The Trusted WiFi Passpoint SDK offers a customer/brand the ability to insert an option for their app members to pre-download a secure Passpoint profile to their subscriber device before they travel to a property connected to the customer realm.
It also allows for actions such as removing a Passpoint profile or requesting a new one. This is helpful for support, in case subscriber profiles become corrupted or broken.
Following the purchase of the one-time activation fee per customer realm, the GlobalReach Operations team will require the name and email address of the developers in need of access to the SDK GitHub repository containing the technical information required to perform the integration.
The following screenshots illustrate Passpoint profile download via a demo app:
iOS Profile Download
.png?sv=2022-11-02&spr=https&st=2026-04-17T13%3A05%3A50Z&se=2026-04-17T13%3A35%3A50Z&sr=c&sp=r&sig=JZXWh1bBa7ytUGteAGfh0svuFu4htUvla0u4oZzit6I%3D)
Android profile download
.png?sv=2022-11-02&spr=https&st=2026-04-17T13%3A05%3A50Z&se=2026-04-17T13%3A35%3A50Z&sr=c&sp=r&sig=JZXWh1bBa7ytUGteAGfh0svuFu4htUvla0u4oZzit6I%3D)
WI-FI NETWORKS CONFIGURATION
Prerequisites
The local networks must be compliant with Passpoint (Hotspot 2.0). – Most recent Wi-Fi access points and controllers from major vendors support Passpoint today, however older models or products from smaller manufacturers might not do. The configuration of the local infrastructure is typically handled by the Managed Service Providers (MSPs).
Warning
Wi-Fi networks must be within their vendor’s support lifecycle and running valid licenses.
Wi-Fi networks must be Passpoint compliant.
Configuration
Hardware configuration is addressed via separate guides. At the time of writing, the following documents are available:
Hardware Configuration Guide for Aruba Central
Hardware Configuration Guide for Aruba Mobility Controllers
• Hardware Configuration Guide for Cisco Meraki
Hardware Configuration Guide for Nomadix WLAN Controllers
Hardware Configuration Guide for Ruckus SmartZone
Hardware Configuration Guide for Ruckus ZoneDirector
Please refer to these documents for further configuration information.
SUBSCRIBER DEVICES
Prerequisites
The subscribers’ mobile devices (belonging to visitors, guests, employees, etc.) must be compliant with Passpoint (Hotspot 2.0) – All recent iOS and Android-based smartphones or tablets support Passpoint today, however older models or products running less popular operating systems might not do. Laptops compatibility is also more erratic. It is therefore essential to maintain a traditional onboarding service in parallel with Passpoint to handle non-compatible devices.
Operation
If a Passpoint profile is installed correctly, the subscriber device should connect automatically to the customer’s private Passpoint SSID on the supported property network.
Warning
The Passpoint service does not use captive portal or CNA pop-up, the subscriber devices automatically join the relevant Passpoint Wi-Fi SSID.

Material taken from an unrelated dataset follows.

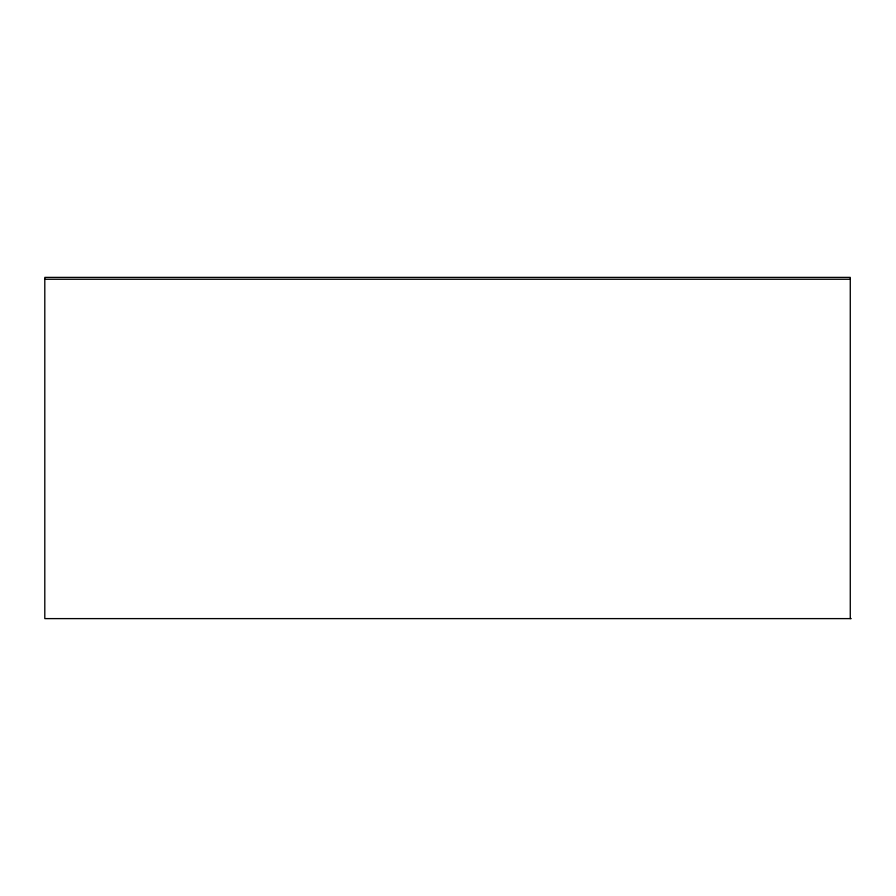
<?xml version="1.0" encoding="UTF-8"?>
<svg xmlns="http://www.w3.org/2000/svg" width="896" height="896" viewBox="0 0 896 896"><rect width="100%" height="100%" fill="white"/><g stroke="black" fill="none" stroke-linecap="round" stroke-linejoin="round"><path stroke-width="1.34" d="M44.8 279.261L850.27 279.261M851.2 618.61L44.8 618.61L44.8 277.39L850.27 277.39L850.27 618.61"/></g></svg>

Do not manually connect to the SSID, as this will not work and will cause the subscriber device to prompt for a username and password.
Troubleshooting
If a subscriber device is prompted for user name/password, the following may help to further assess identifying Passpoint profile related issues:
If username/password are blank, this usually means there is no Passpoint profile found on the subscriber device
If username is filled in, but password is blank, this usually means the Passpoint profile is corrupted and will not work.
If the Passpoint profile is not installed, use the customer app to download it to the subscriber device.